What really turned off Chesterton, however, is the blithe assumption such mystics have of their superiority over ordinary, unenlightened people. This leads them to believe that they have the solution to all the world’s problems if others were just enlightened enough to realize it, and that they are somehow empowered and authorized to enforce God’s law (or their personal understanding of it) on the rest of the human race. Thus, as Chesterton related in his autobiography,
|The shiny pebbly eyes of Aleister Crowley.|
When I disliked Theosophy I had no Theology. Perhaps I did not dislike Theosophy, but only Theosophists. It is certainly true, I am afraid, whatever the failure in charity, that I did dislike some Theosophists. But I did not dislike them because they had erroneous doctrines, when I myself had no doctrines; or because they had no claim to be Christians, when in fact they would have claimed Christianity, among other things, much more confidently than I could myself. I disliked them because they had shiny pebbly eyes and patient smiles. (G.K. Chesterton, Autobiography. North Yorkshire, U.K.: House of Stratus, 2001, 93.)
There is also the problem that today’s pseudo-mystics attempt to use the mystical light as a replacement for, instead of a fulfillment or perfection of, sensation, reason, and faith to carry out the restructuring of the social order. This is a little like trying to use an atomic bomb to drive in a carpet tack, all the while neglecting to install the carpet. As C.S. Lewis had a fictional character explain to another character, who thought he could use mysticism to travel through time,
|"Excuse me," said Lewis, speaking through his characters. . . .|
“‘Excuse me,’ said Ransom. ‘But it is funny, you know. The idea of a man thinking he can become a saint as a minor detail in his scientific training. You might as well imagine you could use the stairs of heaven as a short cut to the nearest tobacconist’s. Don’t you see that long before you had reached the level of timeless experience you would have had to become so interested in something else — or, frankly, Someone Else — that you wouldn’t be bothering about time-travel?’” (C.S. Lewis, The Dark Tower and Other Stories. New York: Harcourt Brace Jovanovich, 1977, 20.)

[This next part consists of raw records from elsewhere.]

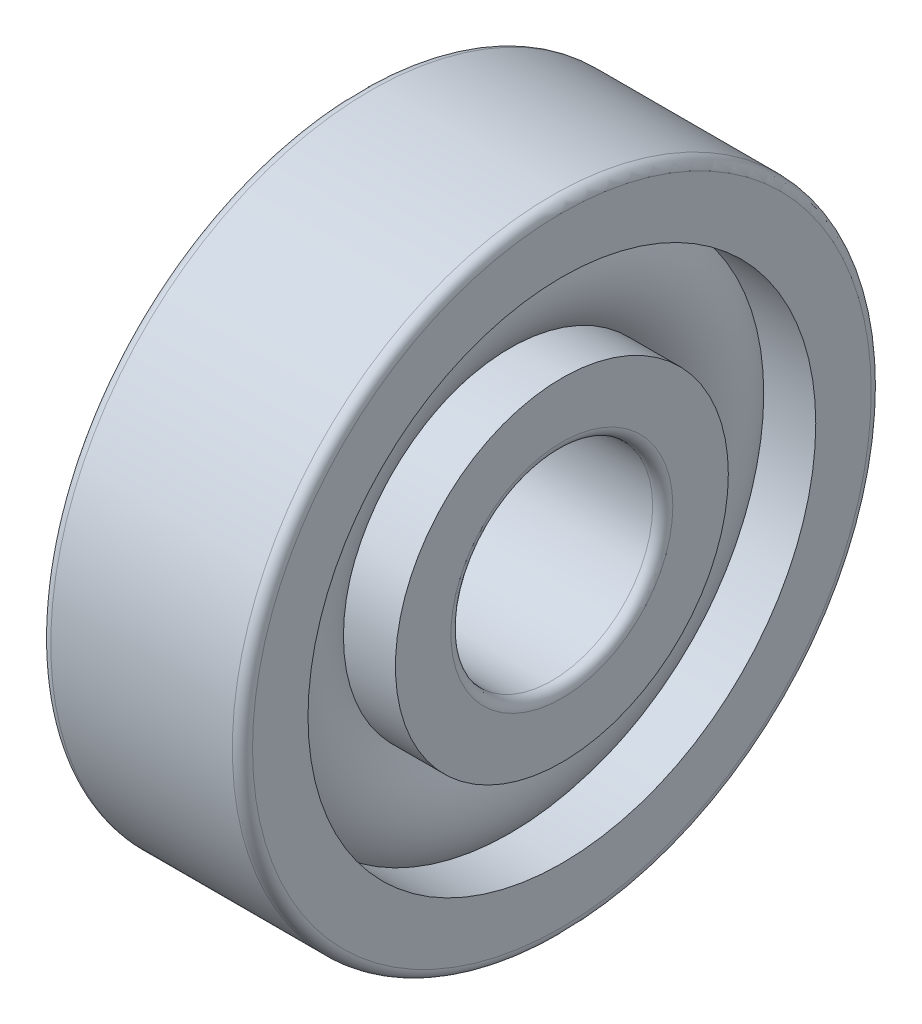
from build123d import *

# Parameters (mm, degrees)
CAGSPISKE_W     = 0.39
CAGSPISKE_H     = 0.65
CAGESPINE_ANGLE = 0.001
BALSIMSKE_R     = 1.95


with BuildPart() as part:
    # CagSpiSke → CageSpine (revolve)
    with BuildSketch(Plane.XY):
        with Locations((0, 6.25)):
            Rectangle(CAGSPISKE_W, CAGSPISKE_H)
    revolve(axis=Axis((-20.6375, 0, 0), (-1, 0, 0)), revolution_arc=CAGESPINE_ANGLE)

    # BalSimSke → BallsSimplified (revolve)
    with BuildSketch(Plane.XY):
        with Locations((0, 6.25)):
            Circle(BALSIMSKE_R)
    revolve(axis=Axis((-10, 0, 0), (1, 0, 0)))

    # InnRacSke → InnerRace (revolve)
    with BuildSketch(Plane.XY):
        with BuildLine():
            Line((-1.419727086, 4.95), (-3, 4.95))
            Line((-3, 4.95), (-3, 3.3))
            ThreePointArc((-3, 3.3), (-2.912132034, 3.087867966), (-2.7, 3))
            Line((-2.7, 3), (2.7, 3))
            ThreePointArc((2.7, 3), (2.912132034, 3.087867966), (3, 3.3))
            Line((3, 3.3), (3, 4.95))
            Line((3, 4.95), (1.419727086, 4.95))
            ThreePointArc((1.419727086, 4.95), (0, 4.325), (-1.419727086, 4.95))
        make_face()
    revolve(axis=Axis((-20.6375, 0, 0), (1, 0, 0)))

    # OutRacSke → OuterRace (revolve)
    with BuildSketch(Plane.XY):
        with BuildLine():
            Line((-1.419727086, 7.55), (-3, 7.55))
            Line((-3, 7.55), (-3, 9.2))
            ThreePointArc((-3, 9.2), (-2.912132034, 9.412132034), (-2.7, 9.5))
            Line((-2.7, 9.5), (2.7, 9.5))
            ThreePointArc((2.7, 9.5), (2.912132034, 9.412132034), (3, 9.2))
            Line((3, 9.2), (3, 7.55))
            Line((3, 7.55), (1.419727086, 7.55))
            ThreePointArc((1.419727086, 7.55), (0, 8.175), (-1.419727086, 7.55))
        make_face()
    revolve(axis=Axis((-20.6375, 0, 0), (1, 0, 0)))


solid = part.part

Finally, there is a serious danger in attempting to use or achieve the mystical light without first going through the preliminary stages of sensation, reason, and faith. The greatest mystics, both east and west, have warned that untrained, un- or self-guided use of the mystical faculty, common in New Age practice, can pave the way for insanity and demonic possession.
Thus, it comes as something of a shock to find prominent neo-Chestertonians rushing headlong to embrace the sort of New Age claptrap Chesterton deprecated, to put it mildly. One such has described E.F. Schumacher’s A Guide for the Perplexed (1977), a reworked and whitewashed theosophy, as “a wonderful book.” Many have become, to all intents and purposes, Fabian socialists, Fabian socialism being a blend of an expanded georgist socialism and theosophy.
Maybe “tragedy” was the right word, after all.